-- Opening Marker --
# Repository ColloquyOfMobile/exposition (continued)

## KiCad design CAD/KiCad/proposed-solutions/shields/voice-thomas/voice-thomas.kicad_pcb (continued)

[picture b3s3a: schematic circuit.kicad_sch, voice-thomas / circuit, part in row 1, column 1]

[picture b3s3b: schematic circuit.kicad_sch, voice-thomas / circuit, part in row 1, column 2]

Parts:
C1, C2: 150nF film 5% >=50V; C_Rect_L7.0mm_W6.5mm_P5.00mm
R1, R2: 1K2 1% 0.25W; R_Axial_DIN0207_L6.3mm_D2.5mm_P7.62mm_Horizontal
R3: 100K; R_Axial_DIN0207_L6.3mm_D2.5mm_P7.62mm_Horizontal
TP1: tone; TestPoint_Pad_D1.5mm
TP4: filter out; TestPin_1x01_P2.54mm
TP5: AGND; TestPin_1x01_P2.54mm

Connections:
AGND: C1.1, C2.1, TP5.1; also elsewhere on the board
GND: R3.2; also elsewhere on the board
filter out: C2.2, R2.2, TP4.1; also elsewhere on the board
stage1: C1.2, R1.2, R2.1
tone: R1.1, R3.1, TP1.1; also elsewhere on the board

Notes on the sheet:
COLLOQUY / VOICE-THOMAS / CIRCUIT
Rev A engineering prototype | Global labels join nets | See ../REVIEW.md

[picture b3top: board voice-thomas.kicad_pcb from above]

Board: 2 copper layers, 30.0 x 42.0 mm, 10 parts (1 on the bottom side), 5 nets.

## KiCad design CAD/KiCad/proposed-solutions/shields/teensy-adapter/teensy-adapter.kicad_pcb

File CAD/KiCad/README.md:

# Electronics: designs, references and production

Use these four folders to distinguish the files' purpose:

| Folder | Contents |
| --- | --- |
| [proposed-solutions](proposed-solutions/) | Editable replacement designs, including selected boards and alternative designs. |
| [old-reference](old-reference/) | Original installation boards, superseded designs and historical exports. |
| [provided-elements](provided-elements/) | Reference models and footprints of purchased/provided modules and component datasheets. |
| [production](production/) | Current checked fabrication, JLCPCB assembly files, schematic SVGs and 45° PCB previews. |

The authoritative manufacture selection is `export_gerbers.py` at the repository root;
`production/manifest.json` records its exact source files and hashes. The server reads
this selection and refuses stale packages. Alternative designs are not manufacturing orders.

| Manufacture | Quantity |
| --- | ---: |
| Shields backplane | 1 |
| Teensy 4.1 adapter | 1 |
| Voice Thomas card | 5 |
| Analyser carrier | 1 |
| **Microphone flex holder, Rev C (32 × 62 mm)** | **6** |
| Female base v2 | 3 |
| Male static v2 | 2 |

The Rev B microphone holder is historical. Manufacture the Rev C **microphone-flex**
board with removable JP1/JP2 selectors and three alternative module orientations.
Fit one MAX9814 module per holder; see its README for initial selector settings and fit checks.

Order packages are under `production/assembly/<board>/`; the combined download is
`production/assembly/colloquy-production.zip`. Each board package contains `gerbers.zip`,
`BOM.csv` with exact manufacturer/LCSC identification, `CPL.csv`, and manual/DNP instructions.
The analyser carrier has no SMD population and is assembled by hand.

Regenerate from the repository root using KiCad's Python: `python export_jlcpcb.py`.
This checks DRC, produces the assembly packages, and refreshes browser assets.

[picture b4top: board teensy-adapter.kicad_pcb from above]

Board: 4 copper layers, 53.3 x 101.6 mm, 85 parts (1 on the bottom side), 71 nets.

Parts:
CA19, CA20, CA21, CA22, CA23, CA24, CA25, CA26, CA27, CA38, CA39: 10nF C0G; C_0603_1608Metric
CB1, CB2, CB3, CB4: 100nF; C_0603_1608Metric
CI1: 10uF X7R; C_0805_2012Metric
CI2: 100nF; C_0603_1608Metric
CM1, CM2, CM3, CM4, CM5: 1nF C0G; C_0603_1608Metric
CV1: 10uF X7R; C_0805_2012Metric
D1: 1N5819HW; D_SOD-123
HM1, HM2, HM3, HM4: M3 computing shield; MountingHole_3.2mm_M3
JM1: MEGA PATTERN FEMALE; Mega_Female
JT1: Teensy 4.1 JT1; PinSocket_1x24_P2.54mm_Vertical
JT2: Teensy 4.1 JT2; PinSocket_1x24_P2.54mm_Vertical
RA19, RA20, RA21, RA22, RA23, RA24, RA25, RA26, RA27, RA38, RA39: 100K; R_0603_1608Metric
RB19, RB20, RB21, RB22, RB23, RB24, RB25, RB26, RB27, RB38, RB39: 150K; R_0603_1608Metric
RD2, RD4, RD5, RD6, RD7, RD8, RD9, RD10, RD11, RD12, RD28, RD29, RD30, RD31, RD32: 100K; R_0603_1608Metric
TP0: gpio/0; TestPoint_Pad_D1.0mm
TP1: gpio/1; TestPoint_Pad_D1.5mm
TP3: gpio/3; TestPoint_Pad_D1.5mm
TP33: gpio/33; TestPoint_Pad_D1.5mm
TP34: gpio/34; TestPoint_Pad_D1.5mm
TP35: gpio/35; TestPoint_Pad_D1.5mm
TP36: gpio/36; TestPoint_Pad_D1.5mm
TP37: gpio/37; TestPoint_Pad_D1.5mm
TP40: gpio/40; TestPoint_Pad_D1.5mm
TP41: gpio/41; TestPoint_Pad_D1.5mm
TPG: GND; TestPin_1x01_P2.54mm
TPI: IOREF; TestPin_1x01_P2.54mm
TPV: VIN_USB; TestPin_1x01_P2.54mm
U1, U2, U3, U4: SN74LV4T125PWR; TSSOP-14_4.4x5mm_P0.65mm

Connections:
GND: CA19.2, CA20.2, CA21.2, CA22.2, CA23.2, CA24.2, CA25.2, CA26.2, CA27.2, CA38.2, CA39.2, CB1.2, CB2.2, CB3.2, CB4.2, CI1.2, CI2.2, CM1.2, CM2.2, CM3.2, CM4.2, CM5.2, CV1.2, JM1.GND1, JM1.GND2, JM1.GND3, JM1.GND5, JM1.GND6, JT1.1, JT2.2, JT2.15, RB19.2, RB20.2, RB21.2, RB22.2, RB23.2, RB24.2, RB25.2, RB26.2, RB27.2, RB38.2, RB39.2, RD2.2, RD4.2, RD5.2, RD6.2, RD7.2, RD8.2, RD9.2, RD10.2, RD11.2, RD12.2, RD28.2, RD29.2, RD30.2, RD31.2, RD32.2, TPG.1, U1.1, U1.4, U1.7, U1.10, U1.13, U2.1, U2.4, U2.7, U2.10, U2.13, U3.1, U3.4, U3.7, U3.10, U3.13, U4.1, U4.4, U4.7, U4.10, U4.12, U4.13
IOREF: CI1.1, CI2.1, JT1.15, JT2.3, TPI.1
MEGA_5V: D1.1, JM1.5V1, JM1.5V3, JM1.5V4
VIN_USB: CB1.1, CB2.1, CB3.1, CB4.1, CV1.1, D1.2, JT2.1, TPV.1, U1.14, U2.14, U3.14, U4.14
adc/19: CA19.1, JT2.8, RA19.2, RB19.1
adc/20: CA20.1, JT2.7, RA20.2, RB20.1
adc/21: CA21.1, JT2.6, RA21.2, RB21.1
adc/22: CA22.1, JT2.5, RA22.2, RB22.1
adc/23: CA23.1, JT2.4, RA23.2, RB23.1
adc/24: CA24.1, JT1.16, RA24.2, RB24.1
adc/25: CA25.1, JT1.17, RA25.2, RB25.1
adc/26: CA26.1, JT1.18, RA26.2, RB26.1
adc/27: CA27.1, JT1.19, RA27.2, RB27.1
-- Closing Marker --
• _Instructions for the task_
From the first line to the last, repeat the records exactly.

• _Output for this exercise_
# Repository ColloquyOfMobile/exposition (continued)

## KiCad design CAD/KiCad/proposed-solutions/shields/voice-thomas/voice-thomas.kicad_pcb (continued)

[picture b3s3a: schematic circuit.kicad_sch, voice-thomas / circuit, part in row 1, column 1]

[picture b3s3b: schematic circuit.kicad_sch, voice-thomas / circuit, part in row 1, column 2]

Parts:
C1, C2: 150nF film 5% >=50V; C_Rect_L7.0mm_W6.5mm_P5.00mm
R1, R2: 1K2 1% 0.25W; R_Axial_DIN0207_L6.3mm_D2.5mm_P7.62mm_Horizontal
R3: 100K; R_Axial_DIN0207_L6.3mm_D2.5mm_P7.62mm_Horizontal
TP1: tone; TestPoint_Pad_D1.5mm
TP4: filter out; TestPin_1x01_P2.54mm
TP5: AGND; TestPin_1x01_P2.54mm

Connections:
AGND: C1.1, C2.1, TP5.1; also elsewhere on the board
GND: R3.2; also elsewhere on the board
filter out: C2.2, R2.2, TP4.1; also elsewhere on the board
stage1: C1.2, R1.2, R2.1
tone: R1.1, R3.1, TP1.1; also elsewhere on the board

Notes on the sheet:
COLLOQUY / VOICE-THOMAS / CIRCUIT
Rev A engineering prototype | Global labels join nets | See ../REVIEW.md

[picture b3top: board voice-thomas.kicad_pcb from above]

Board: 2 copper layers, 30.0 x 42.0 mm, 10 parts (1 on the bottom side), 5 nets.

## KiCad design CAD/KiCad/proposed-solutions/shields/teensy-adapter/teensy-adapter.kicad_pcb

File CAD/KiCad/README.md:

# Electronics: designs, references and production

Use these four folders to distinguish the files' purpose:

| Folder | Contents |
| --- | --- |
| [proposed-solutions](proposed-solutions/) | Editable replacement designs, including selected boards and alternative designs. |
| [old-reference](old-reference/) | Original installation boards, superseded designs and historical exports. |
| [provided-elements](provided-elements/) | Reference models and footprints of purchased/provided modules and component datasheets. |
| [production](production/) | Current checked fabrication, JLCPCB assembly files, schematic SVGs and 45° PCB previews. |

The authoritative manufacture selection is `export_gerbers.py` at the repository root;
`production/manifest.json` records its exact source files and hashes. The server reads
this selection and refuses stale packages. Alternative designs are not manufacturing orders.

| Manufacture | Quantity |
| --- | ---: |
| Shields backplane | 1 |
| Teensy 4.1 adapter | 1 |
| Voice Thomas card | 5 |
| Analyser carrier | 1 |
| **Microphone flex holder, Rev C (32 × 62 mm)** | **6** |
| Female base v2 | 3 |
| Male static v2 | 2 |

The Rev B microphone holder is historical. Manufacture the Rev C **microphone-flex**
board with removable JP1/JP2 selectors and three alternative module orientations.
Fit one MAX9814 module per holder; see its README for initial selector settings and fit checks.

Order packages are under `production/assembly/<board>/`; the combined download is
`production/assembly/colloquy-production.zip`. Each board package contains `gerbers.zip`,
`BOM.csv` with exact manufacturer/LCSC identification, `CPL.csv`, and manual/DNP instructions.
The analyser carrier has no SMD population and is assembled by hand.

Regenerate from the repository root using KiCad's Python: `python export_jlcpcb.py`.
This checks DRC, produces the assembly packages, and refreshes browser assets.

[picture b4top: board teensy-adapter.kicad_pcb from above]

Board: 4 copper layers, 53.3 x 101.6 mm, 85 parts (1 on the bottom side), 71 nets.

Parts:
CA19, CA20, CA21, CA22, CA23, CA24, CA25, CA26, CA27, CA38, CA39: 10nF C0G; C_0603_1608Metric
CB1, CB2, CB3, CB4: 100nF; C_0603_1608Metric
CI1: 10uF X7R; C_0805_2012Metric
CI2: 100nF; C_0603_1608Metric
CM1, CM2, CM3, CM4, CM5: 1nF C0G; C_0603_1608Metric
CV1: 10uF X7R; C_0805_2012Metric
D1: 1N5819HW; D_SOD-123
HM1, HM2, HM3, HM4: M3 computing shield; MountingHole_3.2mm_M3
JM1: MEGA PATTERN FEMALE; Mega_Female
JT1: Teensy 4.1 JT1; PinSocket_1x24_P2.54mm_Vertical
JT2: Teensy 4.1 JT2; PinSocket_1x24_P2.54mm_Vertical
RA19, RA20, RA21, RA22, RA23, RA24, RA25, RA26, RA27, RA38, RA39: 100K; R_0603_1608Metric
RB19, RB20, RB21, RB22, RB23, RB24, RB25, RB26, RB27, RB38, RB39: 150K; R_0603_1608Metric
RD2, RD4, RD5, RD6, RD7, RD8, RD9, RD10, RD11, RD12, RD28, RD29, RD30, RD31, RD32: 100K; R_0603_1608Metric
TP0: gpio/0; TestPoint_Pad_D1.0mm
TP1: gpio/1; TestPoint_Pad_D1.5mm
TP3: gpio/3; TestPoint_Pad_D1.5mm
TP33: gpio/33; TestPoint_Pad_D1.5mm
TP34: gpio/34; TestPoint_Pad_D1.5mm
TP35: gpio/35; TestPoint_Pad_D1.5mm
TP36: gpio/36; TestPoint_Pad_D1.5mm
TP37: gpio/37; TestPoint_Pad_D1.5mm
TP40: gpio/40; TestPoint_Pad_D1.5mm
TP41: gpio/41; TestPoint_Pad_D1.5mm
TPG: GND; TestPin_1x01_P2.54mm
TPI: IOREF; TestPin_1x01_P2.54mm
TPV: VIN_USB; TestPin_1x01_P2.54mm
U1, U2, U3, U4: SN74LV4T125PWR; TSSOP-14_4.4x5mm_P0.65mm

Connections:
GND: CA19.2, CA20.2, CA21.2, CA22.2, CA23.2, CA24.2, CA25.2, CA26.2, CA27.2, CA38.2, CA39.2, CB1.2, CB2.2, CB3.2, CB4.2, CI1.2, CI2.2, CM1.2, CM2.2, CM3.2, CM4.2, CM5.2, CV1.2, JM1.GND1, JM1.GND2, JM1.GND3, JM1.GND5, JM1.GND6, JT1.1, JT2.2, JT2.15, RB19.2, RB20.2, RB21.2, RB22.2, RB23.2, RB24.2, RB25.2, RB26.2, RB27.2, RB38.2, RB39.2, RD2.2, RD4.2, RD5.2, RD6.2, RD7.2, RD8.2, RD9.2, RD10.2, RD11.2, RD12.2, RD28.2, RD29.2, RD30.2, RD31.2, RD32.2, TPG.1, U1.1, U1.4, U1.7, U1.10, U1.13, U2.1, U2.4, U2.7, U2.10, U2.13, U3.1, U3.4, U3.7, U3.10, U3.13, U4.1, U4.4, U4.7, U4.10, U4.12, U4.13
IOREF: CI1.1, CI2.1, JT1.15, JT2.3, TPI.1
MEGA_5V: D1.1, JM1.5V1, JM1.5V3, JM1.5V4
VIN_USB: CB1.1, CB2.1, CB3.1, CB4.1, CV1.1, D1.2, JT2.1, TPV.1, U1.14, U2.14, U3.14, U4.14
adc/19: CA19.1, JT2.8, RA19.2, RB19.1
adc/20: CA20.1, JT2.7, RA20.2, RB20.1
adc/21: CA21.1, JT2.6, RA21.2, RB21.1
adc/22: CA22.1, JT2.5, RA22.2, RB22.1
adc/23: CA23.1, JT2.4, RA23.2, RB23.1
adc/24: CA24.1, JT1.16, RA24.2, RB24.1
adc/25: CA25.1, JT1.17, RA25.2, RB25.1
adc/26: CA26.1, JT1.18, RA26.2, RB26.1
adc/27: CA27.1, JT1.19, RA27.2, RB27.1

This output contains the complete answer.